Which lines of the data contain the string "layers"? Show each of them.

Entries taken from a collection:
__________

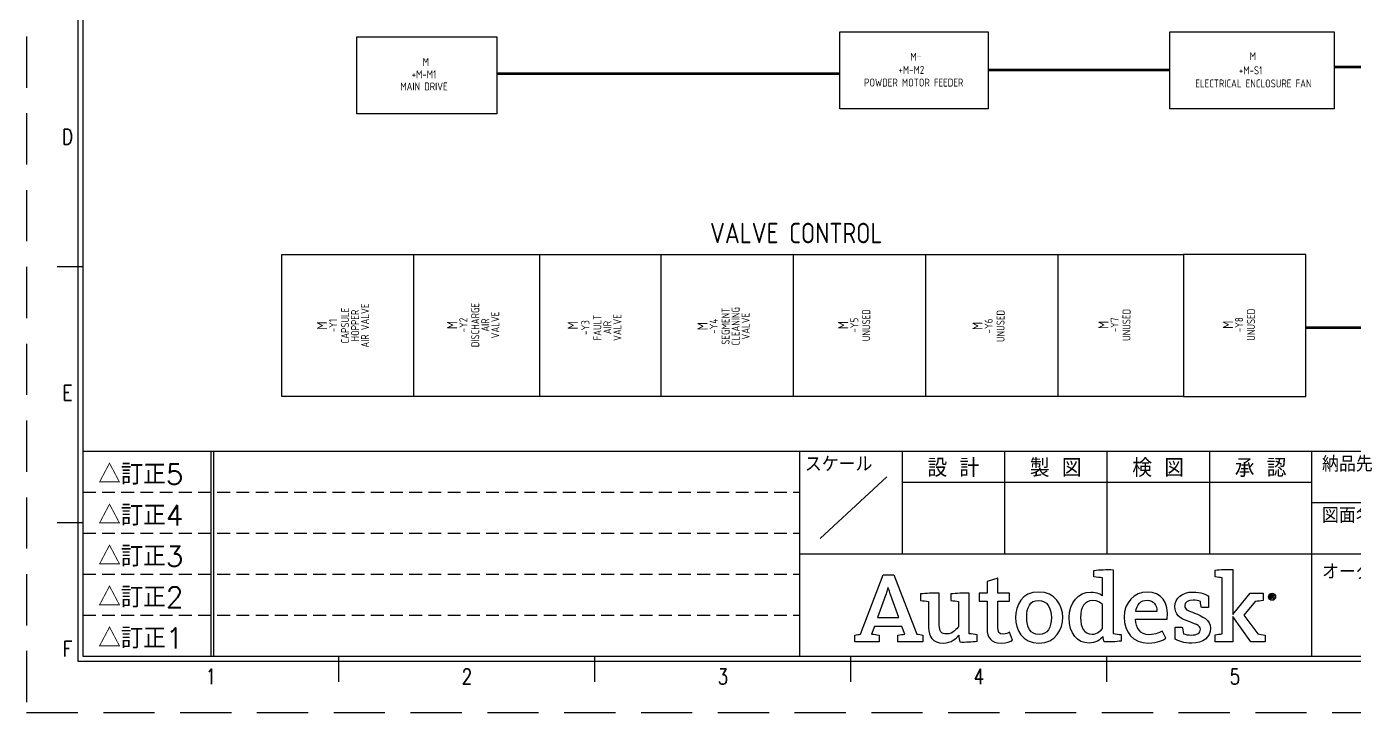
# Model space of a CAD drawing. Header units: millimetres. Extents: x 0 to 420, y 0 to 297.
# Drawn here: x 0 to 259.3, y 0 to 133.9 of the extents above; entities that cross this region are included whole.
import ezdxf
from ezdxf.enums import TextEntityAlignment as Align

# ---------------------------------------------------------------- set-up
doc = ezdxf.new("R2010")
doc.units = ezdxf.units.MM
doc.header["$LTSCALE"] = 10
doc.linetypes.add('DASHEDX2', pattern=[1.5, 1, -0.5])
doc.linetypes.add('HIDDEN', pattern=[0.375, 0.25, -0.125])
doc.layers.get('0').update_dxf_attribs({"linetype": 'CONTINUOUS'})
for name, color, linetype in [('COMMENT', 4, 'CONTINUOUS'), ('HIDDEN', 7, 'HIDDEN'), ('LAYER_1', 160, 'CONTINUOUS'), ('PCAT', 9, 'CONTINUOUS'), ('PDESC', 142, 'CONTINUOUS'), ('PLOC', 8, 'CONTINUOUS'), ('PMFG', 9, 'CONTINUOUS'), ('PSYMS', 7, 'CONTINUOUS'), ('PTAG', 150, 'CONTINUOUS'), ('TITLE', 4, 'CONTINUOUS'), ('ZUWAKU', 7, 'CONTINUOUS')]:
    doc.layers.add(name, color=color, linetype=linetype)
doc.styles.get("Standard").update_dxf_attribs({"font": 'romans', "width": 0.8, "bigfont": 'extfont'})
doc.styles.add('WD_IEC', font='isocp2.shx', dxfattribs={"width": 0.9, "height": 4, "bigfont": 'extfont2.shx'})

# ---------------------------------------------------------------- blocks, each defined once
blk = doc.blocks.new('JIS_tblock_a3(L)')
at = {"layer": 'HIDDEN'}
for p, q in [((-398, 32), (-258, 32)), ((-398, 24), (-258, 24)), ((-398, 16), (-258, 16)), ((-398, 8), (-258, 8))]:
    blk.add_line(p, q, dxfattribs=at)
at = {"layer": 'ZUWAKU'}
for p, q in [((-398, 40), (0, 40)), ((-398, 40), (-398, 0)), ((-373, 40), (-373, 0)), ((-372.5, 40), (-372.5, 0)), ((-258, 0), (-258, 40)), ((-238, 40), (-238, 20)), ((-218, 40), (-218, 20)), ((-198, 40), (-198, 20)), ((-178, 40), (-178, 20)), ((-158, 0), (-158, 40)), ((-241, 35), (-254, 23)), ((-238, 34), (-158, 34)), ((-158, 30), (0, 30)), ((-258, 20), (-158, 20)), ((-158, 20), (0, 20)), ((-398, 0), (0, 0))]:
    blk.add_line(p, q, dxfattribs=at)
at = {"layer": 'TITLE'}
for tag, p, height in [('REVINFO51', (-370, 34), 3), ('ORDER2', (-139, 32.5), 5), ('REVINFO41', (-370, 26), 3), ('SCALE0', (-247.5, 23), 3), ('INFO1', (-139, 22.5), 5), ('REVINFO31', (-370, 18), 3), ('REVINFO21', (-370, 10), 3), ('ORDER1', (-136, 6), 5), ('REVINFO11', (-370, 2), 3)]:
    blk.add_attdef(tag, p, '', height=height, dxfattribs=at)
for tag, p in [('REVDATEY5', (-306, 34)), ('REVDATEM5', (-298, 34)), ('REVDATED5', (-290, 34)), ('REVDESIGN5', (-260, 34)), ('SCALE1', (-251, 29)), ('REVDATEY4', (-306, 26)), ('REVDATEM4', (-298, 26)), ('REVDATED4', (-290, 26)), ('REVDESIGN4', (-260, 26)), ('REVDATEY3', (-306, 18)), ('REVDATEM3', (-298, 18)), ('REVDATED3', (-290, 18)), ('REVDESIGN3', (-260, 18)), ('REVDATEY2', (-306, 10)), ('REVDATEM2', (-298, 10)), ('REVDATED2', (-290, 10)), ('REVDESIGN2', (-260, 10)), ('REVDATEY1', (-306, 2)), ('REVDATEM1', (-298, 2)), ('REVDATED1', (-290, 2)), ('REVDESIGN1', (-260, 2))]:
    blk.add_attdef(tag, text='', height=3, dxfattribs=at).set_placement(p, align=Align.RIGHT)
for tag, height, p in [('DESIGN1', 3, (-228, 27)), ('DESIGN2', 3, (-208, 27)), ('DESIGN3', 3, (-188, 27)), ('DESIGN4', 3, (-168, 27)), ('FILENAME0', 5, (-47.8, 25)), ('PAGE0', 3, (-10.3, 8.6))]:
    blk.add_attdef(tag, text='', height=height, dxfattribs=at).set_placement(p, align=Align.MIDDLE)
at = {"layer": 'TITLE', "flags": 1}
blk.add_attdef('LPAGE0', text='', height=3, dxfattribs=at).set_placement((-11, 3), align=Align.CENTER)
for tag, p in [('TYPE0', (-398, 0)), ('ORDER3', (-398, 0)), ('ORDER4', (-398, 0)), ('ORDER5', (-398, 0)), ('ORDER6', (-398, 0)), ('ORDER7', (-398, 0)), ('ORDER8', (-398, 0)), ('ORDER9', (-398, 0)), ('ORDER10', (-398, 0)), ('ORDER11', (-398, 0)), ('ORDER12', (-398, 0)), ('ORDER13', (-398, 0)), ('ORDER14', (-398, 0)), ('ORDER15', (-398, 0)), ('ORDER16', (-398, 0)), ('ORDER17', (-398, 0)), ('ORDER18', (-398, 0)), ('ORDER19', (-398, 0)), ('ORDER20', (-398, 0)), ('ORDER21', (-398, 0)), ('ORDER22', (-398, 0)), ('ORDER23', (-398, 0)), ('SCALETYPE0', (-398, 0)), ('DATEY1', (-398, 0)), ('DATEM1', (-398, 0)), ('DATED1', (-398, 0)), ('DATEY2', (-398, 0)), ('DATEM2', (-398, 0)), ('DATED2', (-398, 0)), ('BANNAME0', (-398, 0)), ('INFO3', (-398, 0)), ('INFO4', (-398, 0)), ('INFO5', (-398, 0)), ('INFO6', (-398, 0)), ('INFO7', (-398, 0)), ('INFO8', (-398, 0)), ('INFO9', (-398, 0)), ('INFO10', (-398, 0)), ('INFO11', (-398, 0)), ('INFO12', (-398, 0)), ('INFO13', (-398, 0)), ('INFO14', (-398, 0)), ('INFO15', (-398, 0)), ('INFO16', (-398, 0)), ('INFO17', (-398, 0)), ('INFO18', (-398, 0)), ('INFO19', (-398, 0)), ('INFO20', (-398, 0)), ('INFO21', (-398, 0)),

__________

▶ **Reply to the task**
doc.layers.get('0').update_dxf_attribs({"linetype": 'CONTINUOUS'})
    doc.layers.add(name, color=color, linetype=linetype)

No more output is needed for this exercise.